> Work to be completed: Give back a single figure: the number of lines in the entries below that contain "Saturate".

> Extracted records:

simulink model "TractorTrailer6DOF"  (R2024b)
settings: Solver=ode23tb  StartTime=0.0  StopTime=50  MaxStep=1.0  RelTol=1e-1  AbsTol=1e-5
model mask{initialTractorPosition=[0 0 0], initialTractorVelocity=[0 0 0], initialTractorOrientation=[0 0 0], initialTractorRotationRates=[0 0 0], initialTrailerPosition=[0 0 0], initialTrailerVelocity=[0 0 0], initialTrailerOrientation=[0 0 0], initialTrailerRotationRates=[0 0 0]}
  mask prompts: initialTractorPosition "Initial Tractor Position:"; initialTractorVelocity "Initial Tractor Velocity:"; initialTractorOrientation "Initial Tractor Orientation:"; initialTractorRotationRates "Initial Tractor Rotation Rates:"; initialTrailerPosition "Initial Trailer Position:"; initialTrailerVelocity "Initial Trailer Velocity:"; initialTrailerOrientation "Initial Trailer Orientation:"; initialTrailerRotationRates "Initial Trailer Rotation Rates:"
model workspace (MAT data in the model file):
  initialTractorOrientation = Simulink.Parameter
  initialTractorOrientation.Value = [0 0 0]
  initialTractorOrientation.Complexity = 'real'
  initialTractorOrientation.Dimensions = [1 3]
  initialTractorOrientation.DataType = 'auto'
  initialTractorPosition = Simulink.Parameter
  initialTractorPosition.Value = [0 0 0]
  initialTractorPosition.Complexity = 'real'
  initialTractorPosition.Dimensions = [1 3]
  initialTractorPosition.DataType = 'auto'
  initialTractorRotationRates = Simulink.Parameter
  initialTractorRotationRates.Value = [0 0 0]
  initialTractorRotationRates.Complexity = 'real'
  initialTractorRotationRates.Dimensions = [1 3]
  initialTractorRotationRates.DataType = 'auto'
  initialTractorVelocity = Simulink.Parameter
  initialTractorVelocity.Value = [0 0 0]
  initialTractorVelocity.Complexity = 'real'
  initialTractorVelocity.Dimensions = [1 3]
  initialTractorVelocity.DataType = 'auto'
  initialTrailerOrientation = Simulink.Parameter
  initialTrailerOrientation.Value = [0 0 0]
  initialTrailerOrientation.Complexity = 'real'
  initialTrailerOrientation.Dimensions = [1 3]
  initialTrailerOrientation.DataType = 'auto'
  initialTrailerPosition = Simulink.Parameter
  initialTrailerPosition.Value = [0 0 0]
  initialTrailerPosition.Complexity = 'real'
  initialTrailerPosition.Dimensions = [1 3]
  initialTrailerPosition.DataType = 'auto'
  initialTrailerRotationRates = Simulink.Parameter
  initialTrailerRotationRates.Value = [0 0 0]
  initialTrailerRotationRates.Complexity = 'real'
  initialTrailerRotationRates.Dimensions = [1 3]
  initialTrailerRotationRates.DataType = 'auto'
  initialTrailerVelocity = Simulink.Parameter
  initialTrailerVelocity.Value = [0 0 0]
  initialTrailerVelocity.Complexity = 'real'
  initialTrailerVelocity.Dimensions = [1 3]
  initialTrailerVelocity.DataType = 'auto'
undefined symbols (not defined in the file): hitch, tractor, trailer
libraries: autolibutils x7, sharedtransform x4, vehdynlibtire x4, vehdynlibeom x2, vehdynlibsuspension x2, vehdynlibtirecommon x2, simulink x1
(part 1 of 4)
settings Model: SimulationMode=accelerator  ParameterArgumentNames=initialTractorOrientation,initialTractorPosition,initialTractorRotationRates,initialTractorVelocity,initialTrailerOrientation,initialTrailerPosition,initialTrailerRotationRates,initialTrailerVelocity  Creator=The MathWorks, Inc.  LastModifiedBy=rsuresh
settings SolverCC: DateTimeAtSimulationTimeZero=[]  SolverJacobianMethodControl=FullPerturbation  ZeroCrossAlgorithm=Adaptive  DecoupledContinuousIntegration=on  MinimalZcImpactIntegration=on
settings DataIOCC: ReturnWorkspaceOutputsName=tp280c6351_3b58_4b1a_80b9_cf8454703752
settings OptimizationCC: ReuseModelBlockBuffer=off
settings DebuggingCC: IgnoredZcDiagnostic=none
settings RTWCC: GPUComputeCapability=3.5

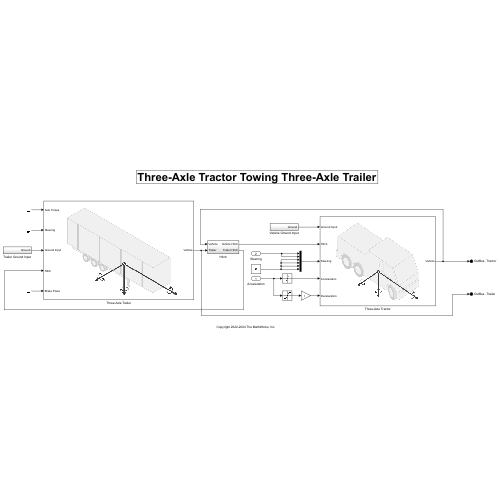
[thumbnail: Simulink's stored preview of the top-level diagram]
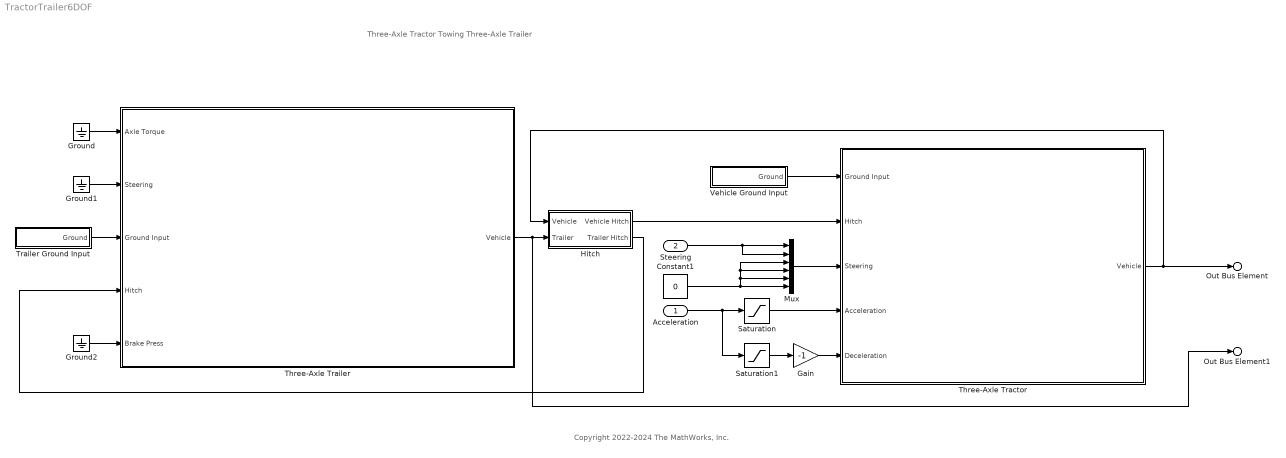
== system TractorTrailer6DOF ==
  note: Copyright 2022-2024 The MathWorks, Inc.
  note: Three-Axle Tractor Towing Three-Axle Trailer
  Acceleration : Inport
  Steering : Inport  Port=2
  Constant1 : Constant  Value=0
  Gain : Gain  Gain=-1
  Ground : Ground
  Ground1 : Ground
  Ground2 : Ground
  Hitch : Subsystem
  Mux : Mux  Inputs=6
  Saturation : Saturate  UpperLimit=3  LowerLimit=0  ZeroCross=off
  Saturation1 : Saturate  UpperLimit=0  LowerLimit=-9.8  ZeroCross=off
  Three-Axle Tractor : Subsystem
      mask Display: image('6dof3axletractor.png');
  Three-Axle Trailer : Subsystem
      mask Display: image('6dof3axletrailer.png');
  Trailer Ground Input : Subsystem  VariantControl=0
  Vehicle Ground Input : Subsystem  VariantControl=0
  Out Bus Element : Outport  PortName=OutBus  Element=Tractor
  Out Bus Element1 : Outport  PortName=OutBus  Element=Trailer
  wires:
  Ground2/1 -> Three-Axle Trailer/5(Brake Press)
  Gain/1 -> Three-Axle Tractor/5(Deceleration)
  Trailer Ground Input/1(Ground) -> Three-Axle Trailer/3(Ground Input)
  Ground/1 -> Three-Axle Trailer/1(Axle Torque)
  Vehicle Ground Input/1(Ground) -> Three-Axle Tractor/1(Ground Input)
  Ground1/1 -> Three-Axle Trailer/2(Steering)
  Hitch/2(Trailer Hitch) -> Three-Axle Trailer/4(Hitch)
  Mux/1 -> Three-Axle Tractor/3(Steering)
  Saturation1/1 -> Gain/1
  Saturation/1 -> Three-Axle Tractor/4(Acceleration)
  Hitch/1(Vehicle Hitch) -> Three-Axle Tractor/2(Hitch)
  Constant1/1 -> Mux/3, Mux/4, Mux/5, Mux/6
  Three-Axle Tractor/1(Vehicle) -> Out Bus Element/1, Hitch/1(Vehicle)
  Three-Axle Trailer/1(Vehicle) -> Out Bus Element1/1, Hitch/2(Trailer)
  Steering/1 -> Mux/2, Mux/1
  Acceleration/1 -> Saturation/1, Saturation1/1

== system TractorTrailer6DOF/Hitch ==
  Vehicle : Inport
  Trailer : Inport  Port=2
  Bus Selector : BusSelector  OutputSignals=Vehicle.InertFrm.Hitch.Disp.X,Vehicle.InertFrm.Hitch.Disp.Y,Vehicle.InertFrm.Hitch.Disp.Z,Vehicle.InertFrm.Hitch.Vel.Xdot,Vehicle.InertFrm.Hitch.Vel.Ydot,Vehicle.InertFrm.Hitch.Vel.Zdot,Vehicle.InertFrm.Cg.Ang.psi
  Bus Selector1 : BusSelector  OutputSignals=Vehicle.InertFrm.HitchF.Disp.X,Vehicle.InertFrm.HitchF.Disp.Y,Vehicle.InertFrm.HitchF.Disp.Z,Vehicle.InertFrm.HitchF.Vel.Xdot,Vehicle.InertFrm.HitchF.Vel.Ydot,Vehicle.InertFrm.HitchF.Vel.Zdot,Vehicle.InertFrm.Cg.Ang.psi
  Mux : Mux  Inputs=6
  Mux1 : Mux  Inputs=6
  Subsystem3 : Subsystem
  Vehicle Hitch : Outport
  Trailer Hitch : Outport  Port=2
  wires:
  Bus Selector1/5 -> Subsystem3/12(Trailer Ydot)  "<Ydot>"
  Subsystem3/5(Vehicle Mhy) -> Mux1/5
  Bus Selector/3 -> Subsystem3/3(Vehicle Z)  "<Z>"
  Subsystem3/12(Trailer Mhz) -> Mux/6
  Subsystem3/4(Vehicle Mhx) -> Mux1/4
  Subsystem3/10(Trailer Mhx) -> Mux/4
  Bus Selector/4 -> Subsystem3/4(Vehicle Xdot)  "<Xdot>"
  Subsystem3/11(Trailer Mhy) -> Mux/5
  Subsystem3/7(Trailer Fx) -> Mux/1
  Bus Selector1/1 -> Subsystem3/8(Trailer X)  "<X>"
  Bus Selector/5 -> Subsystem3/5(Vehicle Ydot)  "<Ydot>"
  Trailer/1 -> Bus Selector1/1
  Bus Selector1/4 -> Subsystem3/11(Trailer Xdot)  "<Xdot>"
  Subsystem3/6(Vehicle Mhz) -> Mux1/6
  Subsystem3/2(Vehicle Fy) -> Mux1/2
  Bus Selector/2 -> Subsystem3/2(Vehicle Y)  "<Y>"
  Bus Selector1/2 -> Subsystem3/9(Trailer Y)  "<Y>"
  Bus Selector1/6 -> Subsystem3/13(Trailer Zdot)  "<Zdot>"
  Subsystem3/1(Vehicle Fx) -> Mux1/1
  Bus Selector1/3 -> Subsystem3/10(Trailer Z)  "<Z>"
  Bus Selector/1 -> Subsystem3/1(Vehicle X)  "<X>"
  Subsystem3/8(Trailer Fy) -> Mux/2
  Bus Selector1/7 -> Subsystem3/14(Trailer psi)  "<psi>"
  Subsystem3/9(Trailer Fz) -> Mux/3
  Bus Selector/7 -> Subsystem3/7(Vehicle psi)  "<psi>"
  Mux/1 -> Trailer Hitch/1
  Bus Selector/6 -> Subsystem3/6(Vehicle Zdot)  "<Zdot>"
  Subsystem3/3(Vehicle Fz) -> Mux1/3
  Vehicle/1 -> Bus Selector/1
  Mux1/1 -> Vehicle Hitch/1

== system TractorTrailer6DOF/Three-Axle Tractor ==
  Ground Input : Inport
  Hitch : Inport  Port=2
  Steering : Inport  Port=3
  Acceleration : Inport  Port=4
  Deceleration : Inport  Port=5
  Brake System : Subsystem
  Brakes : BusCreator  Inputs=1
  Bus Creator : BusCreator  Inputs=4
  Bus Selector : BusSelector  OutputSignals=z,mu
  Subsystem1 : Subsystem
  Vehicle Body : Subsystem
  Vehicle Suspension : Subsystem
  Wheels and Tires : Subsystem
  Vehicle : Outport
  wires:
  Bus Selector/1 -> Wheels and Tires/4(Ground Input)  "<z>"
  Hitch/1 -> Vehicle Body/2(Hitch)
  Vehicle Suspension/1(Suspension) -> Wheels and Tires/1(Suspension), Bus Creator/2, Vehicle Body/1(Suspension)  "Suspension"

> Response to the task: 2